Dataset excerpts:

□ □ □

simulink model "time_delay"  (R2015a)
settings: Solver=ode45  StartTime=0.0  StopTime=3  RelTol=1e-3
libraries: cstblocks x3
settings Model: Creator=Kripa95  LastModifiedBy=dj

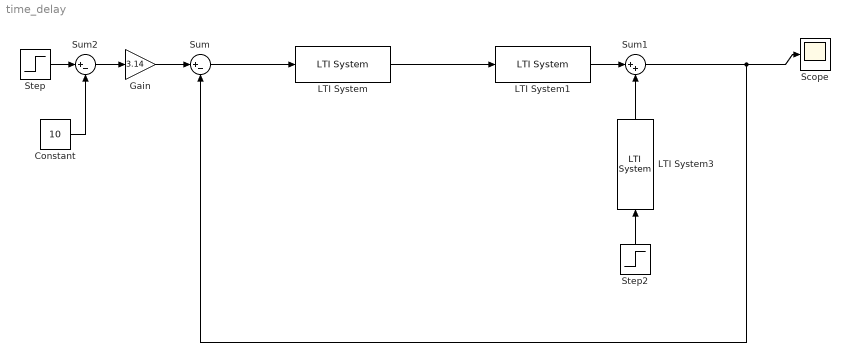
== system time_delay ==
  Constant : Constant  Value=10
  Gain : Gain  Gain=3.14
  LTI System : cstblocks/LTI System  sys=C  IC=[]
  LTI System1 : cstblocks/LTI System  sys=G  IC=[]
  LTI System3 : cstblocks/LTI System  sys=t_d  IC=[]
  Scope : Scope
      settings: YMin=-6  YMax=1
  Step : Step  Time=0  After=12  SampleTime=0
  Step2 : Step  Time=2  SampleTime=0
  Sum : Sum  Inputs=|+-
  Sum1 : Sum  Inputs=|++
  Sum2 : Sum  Inputs=|+-
  wires:
  LTI System1/1 -> Sum1/1
  Sum1/1 -> Sum/2, Scope/1
  LTI System3/1 -> Sum1/2
  Step2/1 -> LTI System3/1
  Sum/1 -> LTI System/1
  LTI System/1 -> LTI System1/1
  Gain/1 -> Sum/1
  Step/1 -> Sum2/1
  Sum2/1 -> Gain/1
  Constant/1 -> Sum2/2

□ □ □

Taking the line with "Sum1/1 -> Sum/2, Scope/1" as the start and the last line of the data above as the end, write out those two lines and every line between them exactly, and only those.

  Sum1/1 -> Sum/2, Scope/1
  LTI System3/1 -> Sum1/2
  Step2/1 -> LTI System3/1
  Sum/1 -> LTI System/1
  LTI System/1 -> LTI System1/1
  Gain/1 -> Sum/1
  Step/1 -> Sum2/1
  Sum2/1 -> Gain/1
  Constant/1 -> Sum2/2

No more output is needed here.